In this issue our spotlight is on thermal interface materials.
There are many U.S. patents in this area of technology, and those presented here are some recent. These patents show some of the salient features that are the focus of different inventors.
A thermal interface material includes
a macromolecular material, and a plurality of carbon nanotubes embedded in the
macromolecular material uniformly. The thermal interface material includes a
first surface and an opposite second surface. Each carbon nanotube is open at
both ends thereof, and extends from the first surface to the second surface of
the thermal interface material. A method for manufacturing the thermal
interface material includes the steps of: (a) forming an array of carbon
nanotubes on a substrate; (b) submerging the carbon nanotubes in a liquid
macromolecular material; (c) solidifying the liquid macromolecular material;
and (d) cutting the solidified liquid macromolecular material to obtain the
thermal interface material with the carbon nanotubes secured therein.
An object of the present invention is
to provide a thermal interface material having a reduced thickness, small
thermal interface resistance, good flexibility and excellent heat conduction. To
achieve the above-mentioned object, the present invention provides a thermal
interface material comprising macromolecular material and a plurality of carbon
nanotubes embedded in the macromolecular material uniformly. The thermal
interface material also comprises a first surface and an opposite second
surface. Each carbon nanotube is open at two ends thereof, and extends from the
first surface to the second surface of the thermal interface material.

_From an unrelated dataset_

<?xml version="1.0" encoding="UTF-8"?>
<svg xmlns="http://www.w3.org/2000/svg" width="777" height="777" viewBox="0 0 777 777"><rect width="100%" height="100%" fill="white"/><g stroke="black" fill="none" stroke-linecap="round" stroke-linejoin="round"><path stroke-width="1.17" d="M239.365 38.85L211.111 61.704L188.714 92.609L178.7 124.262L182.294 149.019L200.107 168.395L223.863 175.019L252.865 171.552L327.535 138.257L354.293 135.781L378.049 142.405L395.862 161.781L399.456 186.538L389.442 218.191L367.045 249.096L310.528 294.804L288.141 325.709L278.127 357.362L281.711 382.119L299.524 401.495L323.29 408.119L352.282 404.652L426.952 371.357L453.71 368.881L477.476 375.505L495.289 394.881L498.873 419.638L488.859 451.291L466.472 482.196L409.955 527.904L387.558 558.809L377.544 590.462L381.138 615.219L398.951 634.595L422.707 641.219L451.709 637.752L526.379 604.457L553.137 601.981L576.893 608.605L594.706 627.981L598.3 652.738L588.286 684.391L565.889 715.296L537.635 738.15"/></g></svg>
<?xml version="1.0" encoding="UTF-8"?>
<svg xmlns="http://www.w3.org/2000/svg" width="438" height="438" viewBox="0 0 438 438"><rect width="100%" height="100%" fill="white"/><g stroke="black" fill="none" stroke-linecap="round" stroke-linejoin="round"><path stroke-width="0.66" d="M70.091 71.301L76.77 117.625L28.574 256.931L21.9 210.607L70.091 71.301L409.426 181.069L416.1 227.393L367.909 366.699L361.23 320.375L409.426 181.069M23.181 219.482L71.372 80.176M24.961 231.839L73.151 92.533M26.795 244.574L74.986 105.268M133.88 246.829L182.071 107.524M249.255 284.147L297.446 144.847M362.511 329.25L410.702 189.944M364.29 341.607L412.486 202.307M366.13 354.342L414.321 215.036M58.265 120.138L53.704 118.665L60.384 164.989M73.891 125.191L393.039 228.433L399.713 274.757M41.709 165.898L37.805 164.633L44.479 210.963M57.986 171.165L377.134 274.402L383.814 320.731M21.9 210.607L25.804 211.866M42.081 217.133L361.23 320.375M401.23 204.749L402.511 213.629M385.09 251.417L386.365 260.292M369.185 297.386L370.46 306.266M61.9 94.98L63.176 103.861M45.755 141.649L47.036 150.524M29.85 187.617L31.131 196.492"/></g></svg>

Unlike in a conventional thermal interface material, the carbon nanotubes of the thermal interface material of the present invention are disposed in the macromolecular material uniformly and directionally. Thus, each carbon nanotube of the thermal interface material can provide a heat conduction path in a direction perpendicular to a main heat absorbing surface of the thermal interface material. This ensures that the thermal interface material has a high heat conduction coefficient. Furthermore, the thickness of the thermal interface material of the present invention can be controlled by cutting the macromolecular material. This further enhances the heat conducting efficiency of the thermal interface material and reduces the volume and weight of the thermal interface material.
Moreover, each carbon nanotube is open at two ends thereof, and extends from the first surface to the second surface of the thermal interface material. This ensures the carbon nanotubes can contact an electronic device and a heat sink directly. Thus, the thermal interface resistance between the carbon nanotubes and the electronic device is reduced, and the thermal interface resistance between the carbon nanotubes and the heat sink is reduced. Therefore, the heat conducting efficiency of the thermal interface material is further enhanced.
In one aspect of the invention there
is provided a fibrous interface material sandwiched between two layers of a
removable paper or release liner. The interface comprises flocked, e.g.
electroflocked, mechanically flocked, pneumatically flocked, etc., thermally
conductive fibers embedded in an adhesive or tacky substance in substantially
vertical orientation with portions of the fibers extending out of the adhesive.
An encapsulant is disposed to fill spaces between portions of the fibers that
extend out of the adhesive, leaving a free fiber structure at the fiber tips.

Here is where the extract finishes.